Functional eval via the parsers/scorers from [`ailiance/ailiance-bench`](https://github.com/ailiance/ailiance-bench) Phase 1 (`bench_kicad_functional`), ported to CUDA / transformers + PEFT for the Qwen3-4B-Instruct-2507 base.

| Dataset | n | Composite score | Duration |
|---|---:|---:|---:|
| `emc-dsp-power` | 10 | **0.646** | 1221.9s |

_Composite score combines structural-parse-ok, component-count match, ground-node presence, etc. — see `bench_kicad_functional.score_*` for the exact formula. Greedy decoding, max_tokens per `GEN_PARAMS`._

## Upstream base model — official evaluations

These are the **official scores** for the unmodified base model
[`Qwen/Qwen3-4B-Instruct-2507`](https://huggingface.co/Qwen/Qwen3-4B-Instruct-2507),
reported by Alibaba Qwen team. They represent the floor of capability that this
LoRA inherits before the hardware-domain fine-tune adapts behavior.

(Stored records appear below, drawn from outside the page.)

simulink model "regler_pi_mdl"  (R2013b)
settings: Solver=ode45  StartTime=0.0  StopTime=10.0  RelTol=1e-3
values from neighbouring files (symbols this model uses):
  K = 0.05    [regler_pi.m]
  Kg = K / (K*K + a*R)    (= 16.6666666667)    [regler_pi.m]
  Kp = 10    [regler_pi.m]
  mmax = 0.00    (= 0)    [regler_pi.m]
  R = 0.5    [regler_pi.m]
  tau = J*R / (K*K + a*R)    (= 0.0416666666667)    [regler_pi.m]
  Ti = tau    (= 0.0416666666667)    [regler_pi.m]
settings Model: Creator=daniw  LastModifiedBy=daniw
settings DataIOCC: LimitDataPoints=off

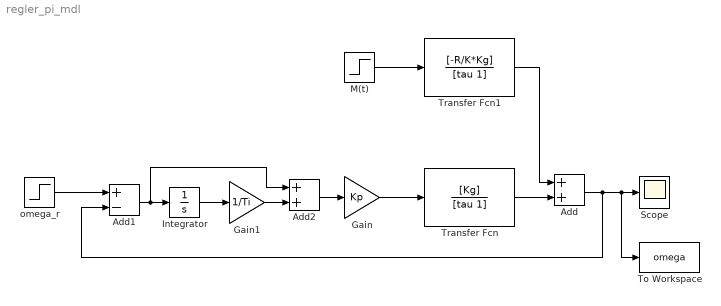
== system regler_pi_mdl ==
  Add : Sum
  Add1 : Sum  Inputs=+-
  Add2 : Sum
  Gain : Gain  Gain=Kp
  Gain1 : Gain  Gain=1/Ti
  Integrator : Integrator
  M(t) : Step  Time=2  After=mmax  SampleTime=0
  Scope : Scope
  To Workspace : ToWorkspace  VariableName=omega  SampleTime=-1  SaveFormat=Structure With Time
  Transfer Fcn : TransferFcn  Numerator=[Kg]  Denominator=[tau 1]
  Transfer Fcn1 : TransferFcn  Numerator=[-R/K*Kg]  Denominator=[tau 1]
  omega_r : Step  Before=5  After=20  SampleTime=0
  wires:
  M(t)/1 -> Transfer Fcn1/1
  omega_r/1 -> Add1/1
  Add/1 -> Add1/2, To Workspace/1, Scope/1
  Transfer Fcn/1 -> Add/2
  Transfer Fcn1/1 -> Add/1
  Gain/1 -> Transfer Fcn/1
  Add1/1 -> Add2/1, Integrator/1
  Integrator/1 -> Gain1/1
  Add2/1 -> Gain/1
  Gain1/1 -> Add2/2

| Category      | Benchmark               | Qwen3-4B-Instruct-2507 |
|---------------|-------------------------|-----------------------:|
| Knowledge     | MMLU-Pro                | 69.6                   |
| Knowledge     | MMLU-Redux              | 84.2                   |
| Knowledge     | GPQA                    | 62.0                   |
| Knowledge     | SuperGPQA               | 42.8                   |
| Reasoning     | AIME25                  | 47.4                   |
| Reasoning     | HMMT25                  | 31.0                   |
| Reasoning     | ZebraLogic              | 80.2                   |
| Reasoning     | LiveBench 2024-11-25    | 63.0                   |
| Coding        | LiveCodeBench v6        | 35.1                   |
| Coding        | MultiPL-E               | 76.8                   |
| Coding        | Aider-Polyglot          | 12.9                   |
| Alignment     | IFEval                  | 83.4                   |
| Alignment     | Arena-Hard v2           | 43.4                   |
| Alignment     | Creative Writing v3     | 83.5                   |
| Alignment     | WritingBench            | 83.4                   |
| Agent         | BFCL-v3                 | 61.9                   |
| Agent         | TAU1-Retail             | 48.7                   |
| Agent         | TAU1-Airline            | 32.0                   |
| Agent         | TAU2-Retail             | 40.4                   |
| Multilingual  | MultiIF                 | 69.0                   |
| Multilingual  | MMLU-ProX               | 61.6                   |
| Multilingual  | INCLUDE                 | 60.1                   |
| Multilingual  | PolyMATH                | 31.1                   |

Source: [official Qwen3-4B-Instruct-2507 model card](https://huggingface.co/Qwen/Qwen3-4B-Instruct-2507).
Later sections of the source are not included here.